The Survived column is missing from the test set — that is the label we are trying to predict, so it is intentionally withheld for evaluation.

Challenge

Challenge 2: Upload a summary CSV to GCS

Using train_data, compute the survival rate by passenger class (Pclass) and upload the result as results/survival_by_class.csv to your bucket.

PYTHON

summary = train_data.groupby("Pclass")["Survived"].mean().reset_index()
summary.columns = ["Pclass", "SurvivalRate"]
print(summary)

# Save locally then upload
summary.to_csv("/home/jupyter/survival_by_class.csv", index=False)
blob = client.bucket(bucket_name).blob("results/survival_by_class.csv")
blob.upload_from_filename("/home/jupyter/survival_by_class.csv")
print("Summary uploaded to GCS.")
Challenge

Challenge 3: Estimating GCS Costs

Suppose you store 50 GB of data in Standard storage (us-central1) for one month. - Estimate the monthly storage cost. - Then estimate the cost if you download (egress) the entire dataset once over the internet at the end of the month.

Hints - Storage: $0.02 per GB-month - Egress (internet): $0.12 per GB (same-region transfers within GCP are free)

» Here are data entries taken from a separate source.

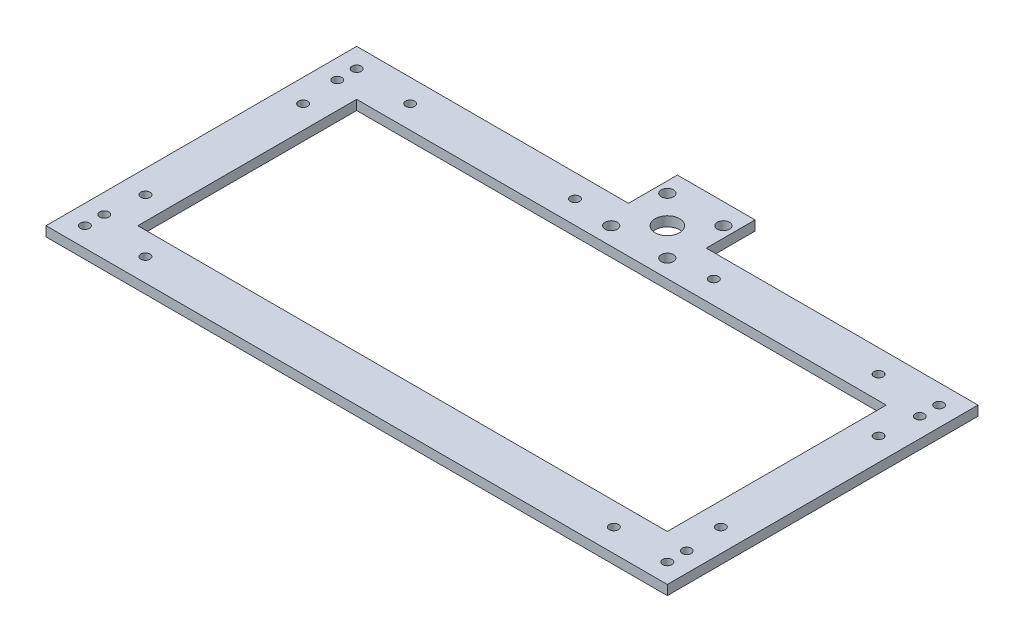
from build123d import *

# Parameters (mm, degrees)
SKETCH1_R           = 1.5
BOSS_EXTRUDE1_DEPTH = 3.175
SKETCH2_R           = 4
SKETCH2_R_2         = 2
CUT_EXTRUDE1_DEPTH  = 3.175
SKETCH3_R           = 1.5
CUT_EXTRUDE2_DEPTH  = 10


with BuildPart() as part:
    # Sketch1 → Boss-Extrude1 (new body)
    with BuildSketch(Plane(origin=(0, 0, 0), x_dir=(1, 0, 0), z_dir=(0, 1, 0))):
        Polygon((88.9, 101.6), (6.35, 101.6), (0, 101.6), (0, 0), (203.2, 0), (203.2, 101.6), (114.3, 101.6), (114.3, 117.6), (88.9, 117.6), align=None)
        with Locations((6.35, 6.35)):
            Circle(SKETCH1_R, mode=Mode.SUBTRACT)
        with Locations((6.35, 12.7)):
            Circle(SKETCH1_R, mode=Mode.SUBTRACT)
        Polygon((15, 50.8), (15, 86.6), (188.2, 86.6), (188.2, 15), (101.6, 15), (15, 15), align=None, mode=Mode.SUBTRACT)
        with Locations((6.35, 88.9)):
            Circle(SKETCH1_R, mode=Mode.SUBTRACT)
        with BuildLine():
            ThreePointArc((6.35, 93.75), (4.85, 95.25), (6.35, 96.75))
            ThreePointArc((6.35, 96.75), (7.85, 95.25), (6.35, 93.75))
        make_face(mode=Mode.SUBTRACT)
        with Locations((196.85, 6.35)):
            Circle(SKETCH1_R, mode=Mode.SUBTRACT)
        with Locations((196.85, 12.7)):
            Circle(SKETCH1_R, mode=Mode.SUBTRACT)
        with Locations((196.85, 88.9)):
            Circle(SKETCH1_R, mode=Mode.SUBTRACT)
        with Locations((196.85, 95.25)):
            Circle(SKETCH1_R, mode=Mode.SUBTRACT)
    extrude(amount=BOSS_EXTRUDE1_DEPTH)

    # Sketch2 → Cut-Extrude1 (cut)
    with BuildSketch(Plane(origin=(0, 3.175, 0), x_dir=(1, 0, 0), z_dir=(0, 1, 0))):
        with Locations((101.6, 101.6)):
            Circle(SKETCH2_R)
        with Locations((92.423098296, 110.776901704)):
            Circle(SKETCH2_R_2)
        with Locations((92.423098296, 92.423098296)):
            Circle(SKETCH2_R_2)
        with Locations((110.776901704, 110.776901704)):
            Circle(SKETCH2_R_2)
        with Locations((110.776901704, 92.423098296)):
            Circle(SKETCH2_R_2)
    extrude(amount=-CUT_EXTRUDE1_DEPTH, mode=Mode.SUBTRACT)

    # Sketch3 → Cut-Extrude2 (cut)
    with BuildSketch(Plane(origin=(0, 3.175, 0), x_dir=(1, 0, 0), z_dir=(0, 1, 0))):
        with Locations((178.2, 94.1)):
            Circle(SKETCH3_R)
        with Locations((25, 94.1)):
            Circle(SKETCH3_R)
        with Locations((78.9, 94.1)):
            Circle(SKETCH3_R)
        with Locations((124.3, 94.1)):
            Circle(SKETCH3_R)
        with Locations((178.2, 7.5)):
            Circle(SKETCH3_R)
        with Locations((25, 7.5)):
            Circle(SKETCH3_R)
        with Locations((195.7, 76.6)):
            Circle(SKETCH3_R)
        with Locations((195.7, 25)):
            Circle(SKETCH3_R)
        with Locations((7.5, 76.6)):
            Circle(SKETCH3_R)
        with Locations((7.5, 25)):
            Circle(SKETCH3_R)
    extrude(amount=-CUT_EXTRUDE2_DEPTH, mode=Mode.SUBTRACT)


solid = part.part
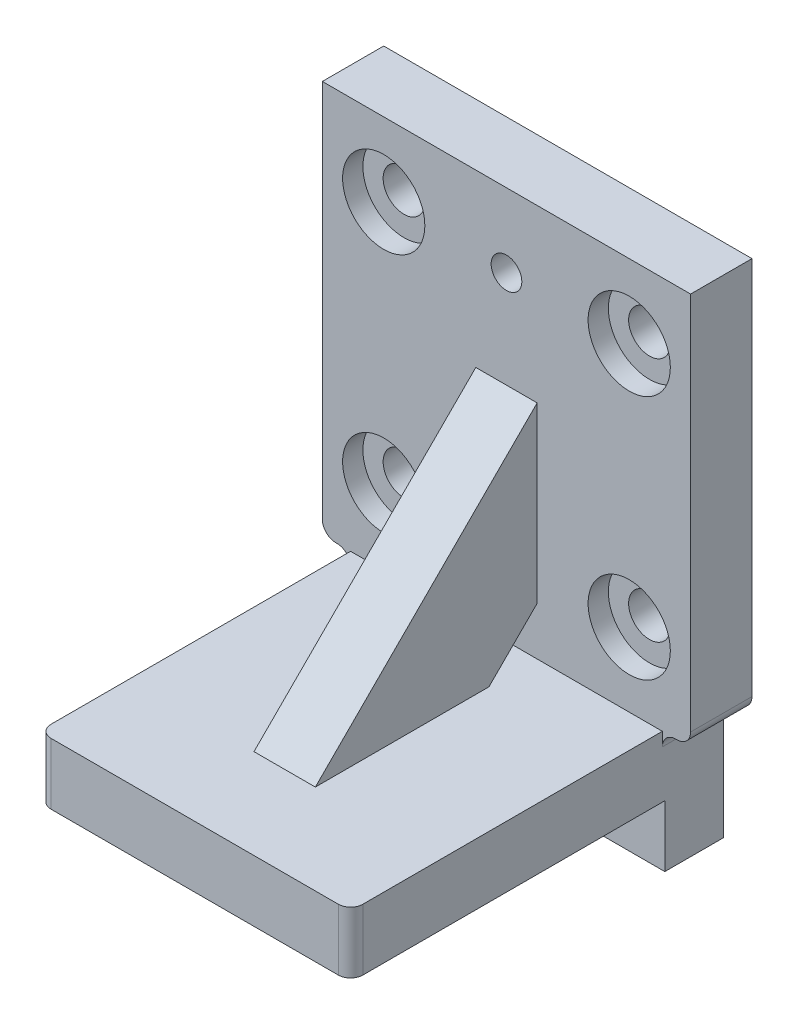
from build123d import *

# Parameters (mm, degrees)
SKETCH1_W                       = 30
SKETCH1_H                       = 32
BOSS_EXTRUDE1_DEPTH             = 5
CBORE_FOR_M3_SBHCS2_D           = 3.4
CBORE_FOR_M3_SBHCS2_CBORE_D     = 6.7
CBORE_FOR_M3_SBHCS2_CBORE_DEPTH = 1.65
TAP_DRILL_FOR_M3X0_5_TAP1_D     = 2.5
SKETCH5_W                       = 25.4
SKETCH5_H                       = 30.4
BOSS_EXTRUDE2_DEPTH             = 5
BOSS_EXTRUDE3_REACH             = 38.377
SKETCH8_W                       = 5
SKETCH8_H                       = 10
BOSS_EXTRUDE3_DIRECTION_2_REACH = 38.377
SKETCH10_W                      = 6.6
SKETCH10_H                      = 19.4
CUT_EXTRUDE1_DEPTH              = 2.7
FILLET1_R                       = 1
SKETCH12_W                      = 25.4
SKETCH12_H                      = 4.8
BOSS_EXTRUDE5_DEPTH             = 5
FILLET2_START                   = -1
FILLET2_DEPTH                   = 30.4
FILLET2_2_DEPTH                 = 5


with BuildPart() as part:
    # Sketch1 → Boss-Extrude1 (new body)
    with BuildSketch(Plane.XY):
        Rectangle(SKETCH1_W, SKETCH1_H)
    extrude(amount=BOSS_EXTRUDE1_DEPTH)

    # CBORE for M3 SBHCS2 (through all)
    with Locations(Plane.XY.offset(5)):
        with Locations((-10, 10), (-10, -10), (10, -10), (10, 10)):
            CounterBoreHole(CBORE_FOR_M3_SBHCS2_D / 2, CBORE_FOR_M3_SBHCS2_CBORE_D / 2, CBORE_FOR_M3_SBHCS2_CBORE_DEPTH)

    # Tap Drill for M3x0.5 Tap1 (through all)
    with Locations(Plane.XY.offset(5)):
        with Locations((0, 10)):
            Hole(TAP_DRILL_FOR_M3X0_5_TAP1_D / 2)

    # Sketch5 → Boss-Extrude2 (add)
    with BuildSketch(Plane.XZ.offset(16)):
        with Locations((0, 15.2)):
            Rectangle(SKETCH5_W, SKETCH5_H)
    extrude(amount=BOSS_EXTRUDE2_DEPTH)

    # Boss-Extrude3: up to this plane
    boss_extrude3_end = Plane(origin=(0, -16, 0), z_dir=(0, -1, 0))
    # Sketch8 → Boss-Extrude3 (add, up to the surface)
    with BuildSketch(Plane(origin=(0, -10.5, 10.5), x_dir=(1, 0, 0), z_dir=(0, -0.7071067811865475, 0.7071067811865477)), mode=Mode.PRIVATE) as boss_extrude3_sk1:
        Rectangle(SKETCH8_W, SKETCH8_H)
    boss_extrude3_tool1 = split(extrude(boss_extrude3_sk1.sketch, amount=BOSS_EXTRUDE3_REACH, mode=Mode.PRIVATE), bisect_by=boss_extrude3_end, keep=Keep.BOTH, mode=Mode.PRIVATE)
    add(boss_extrude3_tool1.solids().sort_by_distance((0, -10.5, 10.5))[0])

    # Boss-Extrude3 direction 2: up to this plane
    boss_extrude3_direction_2_end = Plane(origin=(0, 0, 5), z_dir=(0, 0, 1))
    # Sketch8 → Boss-Extrude3 direction 2 (add, up to the surface)
    with BuildSketch(Plane(origin=(0, -10.5, 10.5), x_dir=(1, 0, 0), z_dir=(0, -0.7071067811865475, 0.7071067811865477)), mode=Mode.PRIVATE) as boss_extrude3_direction_2_sk1:
        Rectangle(SKETCH8_W, SKETCH8_H)
    boss_extrude3_direction_2_tool1 = split(extrude(boss_extrude3_direction_2_sk1.sketch, amount=-BOSS_EXTRUDE3_DIRECTION_2_REACH, mode=Mode.PRIVATE), bisect_by=boss_extrude3_direction_2_end, keep=Keep.BOTH, mode=Mode.PRIVATE)
    add(boss_extrude3_direction_2_tool1.solids().sort_by_distance((0, -10.5, 10.5))[0])

    # Sketch10 → Cut-Extrude1 (cut)
    with BuildSketch(Plane.XZ.offset(21)):
        with Locations((0, 14.7)):
            Rectangle(SKETCH10_W, SKETCH10_H)
    extrude(amount=-CUT_EXTRUDE1_DEPTH, mode=Mode.SUBTRACT)

    # Fillet1
    fillet1_edges = [part.edges().sort_by_distance(p)[0] for p in [
        (12.7, -18.5, 30.4),
        (-12.7, -18.5, 30.4),
    ]]
    fillet(fillet1_edges, radius=FILLET1_R)

    # Sketch12 → Boss-Extrude5 (add)
    with BuildSketch(Plane.XZ.offset(21)):
        with Locations((0, 2.4)):
            Rectangle(SKETCH12_W, SKETCH12_H)
    extrude(amount=BOSS_EXTRUDE5_DEPTH)

    # Fillet2: read off the stored shape, not the designer's step
    # Fillet2 outline → Fillet2 (cut)
    with BuildSketch(Plane.XY.offset(FILLET2_START)):
        with BuildLine():
            Line((15, -16), (15, -14.9))
            ThreePointArc((15, -14.9), (14.677817459, -15.677817459), (13.9, -16))
            Line((13.9, -16), (15, -16))
        make_face()
        with BuildLine():
            Line((-15, -16), (-13.9, -16))
            ThreePointArc((-13.9, -16), (-14.677817459, -15.677817459), (-15, -14.9))
            Line((-15, -14.9), (-15, -16))
        make_face()
    extrude(amount=FILLET2_DEPTH, mode=Mode.SUBTRACT)

    # Fillet2 2 outline → Fillet2 2 (add)
    with BuildSketch(Plane.XY):
        with BuildLine():
            ThreePointArc((12.7, -17.1), (13.022182541, -16.322182541), (13.8, -16))
            Line((13.8, -16), (12.7, -16))
            Line((12.7, -16), (12.7, -17.1))
        make_face()
        with BuildLine():
            Line((-12.7, -16), (-13.8, -16))
            ThreePointArc((-13.8, -16), (-13.022182541, -16.322182541), (-12.7, -17.1))
            Line((-12.7, -17.1), (-12.7, -16))
        make_face()
    extrude(amount=FILLET2_2_DEPTH)


solid = part.part
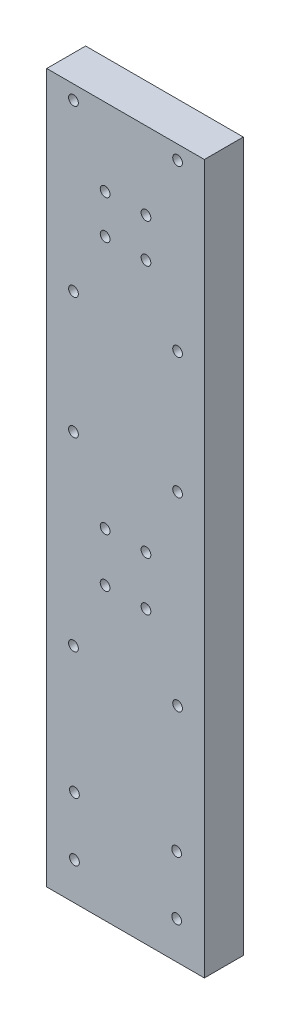
from build123d import *

# Parameters (mm, degrees)
SKETCH1_W           = 16.2
SKETCH1_H           = 72.846448831
SKETCH1_R           = 0.5
BOSS_EXTRUDE1_DEPTH = 4


with BuildPart() as part:
    # Sketch1 → Boss-Extrude1 (new body)
    with BuildSketch(Plane.XY):
        with Locations((8.1, 36.423224416)):
            Rectangle(SKETCH1_W, SKETCH1_H)
        with Locations((6, 29.846448831)):
            Circle(SKETCH1_R, mode=Mode.SUBTRACT)
        with Locations((10.2, 29.846448831)):
            Circle(SKETCH1_R, mode=Mode.SUBTRACT)
        with Locations((10.2, 34.892897662)):
            Circle(SKETCH1_R, mode=Mode.SUBTRACT)
        with Locations((10.2, 60.892897662)):
            Circle(SKETCH1_R, mode=Mode.SUBTRACT)
        with Locations((13.45, 54.392897662)):
            Circle(SKETCH1_R, mode=Mode.SUBTRACT)
        with Locations((6, 60.892897662)):
            Circle(SKETCH1_R, mode=Mode.SUBTRACT)
        with Locations((6, 34.892897662)):
            Circle(SKETCH1_R, mode=Mode.SUBTRACT)
        with Locations((2.75, 41.892897662)):
            Circle(SKETCH1_R, mode=Mode.SUBTRACT)
        with Locations((2.85, 9.846448831)):
            Circle(SKETCH1_R, mode=Mode.SUBTRACT)
        with Locations((13.35, 9.846448831)):
            Circle(SKETCH1_R, mode=Mode.SUBTRACT)
        with Locations((13.35, 3.846448831)):
            Circle(SKETCH1_R, mode=Mode.SUBTRACT)
        with Locations((2.85, 3.846448831)):
            Circle(SKETCH1_R, mode=Mode.SUBTRACT)
        with Locations((13.45, 41.892897662)):
            Circle(SKETCH1_R, mode=Mode.SUBTRACT)
        with Locations((2.75, 54.392897662)):
            Circle(SKETCH1_R, mode=Mode.SUBTRACT)
        with Locations((13.45, 22.846448831)):
            Circle(SKETCH1_R, mode=Mode.SUBTRACT)
        with Locations((2.75, 22.846448831)):
            Circle(SKETCH1_R, mode=Mode.SUBTRACT)
        with Locations((10.2, 64.892897662)):
            Circle(SKETCH1_R, mode=Mode.SUBTRACT)
        with Locations((13.45, 71.392897662)):
            Circle(SKETCH1_R, mode=Mode.SUBTRACT)
        with Locations((6, 64.892897662)):
            Circle(SKETCH1_R, mode=Mode.SUBTRACT)
        with Locations((2.75, 71.392897662)):
            Circle(SKETCH1_R, mode=Mode.SUBTRACT)
    extrude(amount=BOSS_EXTRUDE1_DEPTH)


solid = part.part

  • Storage cost: 50 GB × $0.02 = $1.00
  • Egress cost: 50 GB × $0.12 = $6.00
  • Total cost: $7.00 for one month including one full download
Key Points
  • Load data from GCS into memory with storage.Client or directly via pd.read_csv("gs://...") to avoid managing local copies.
  • Periodically check storage usage and estimate both storage and egress costs to manage your GCS budget.
  • Use Vertex AI Workbench notebooks to upload processed results back to GCS for sharing and downstream use.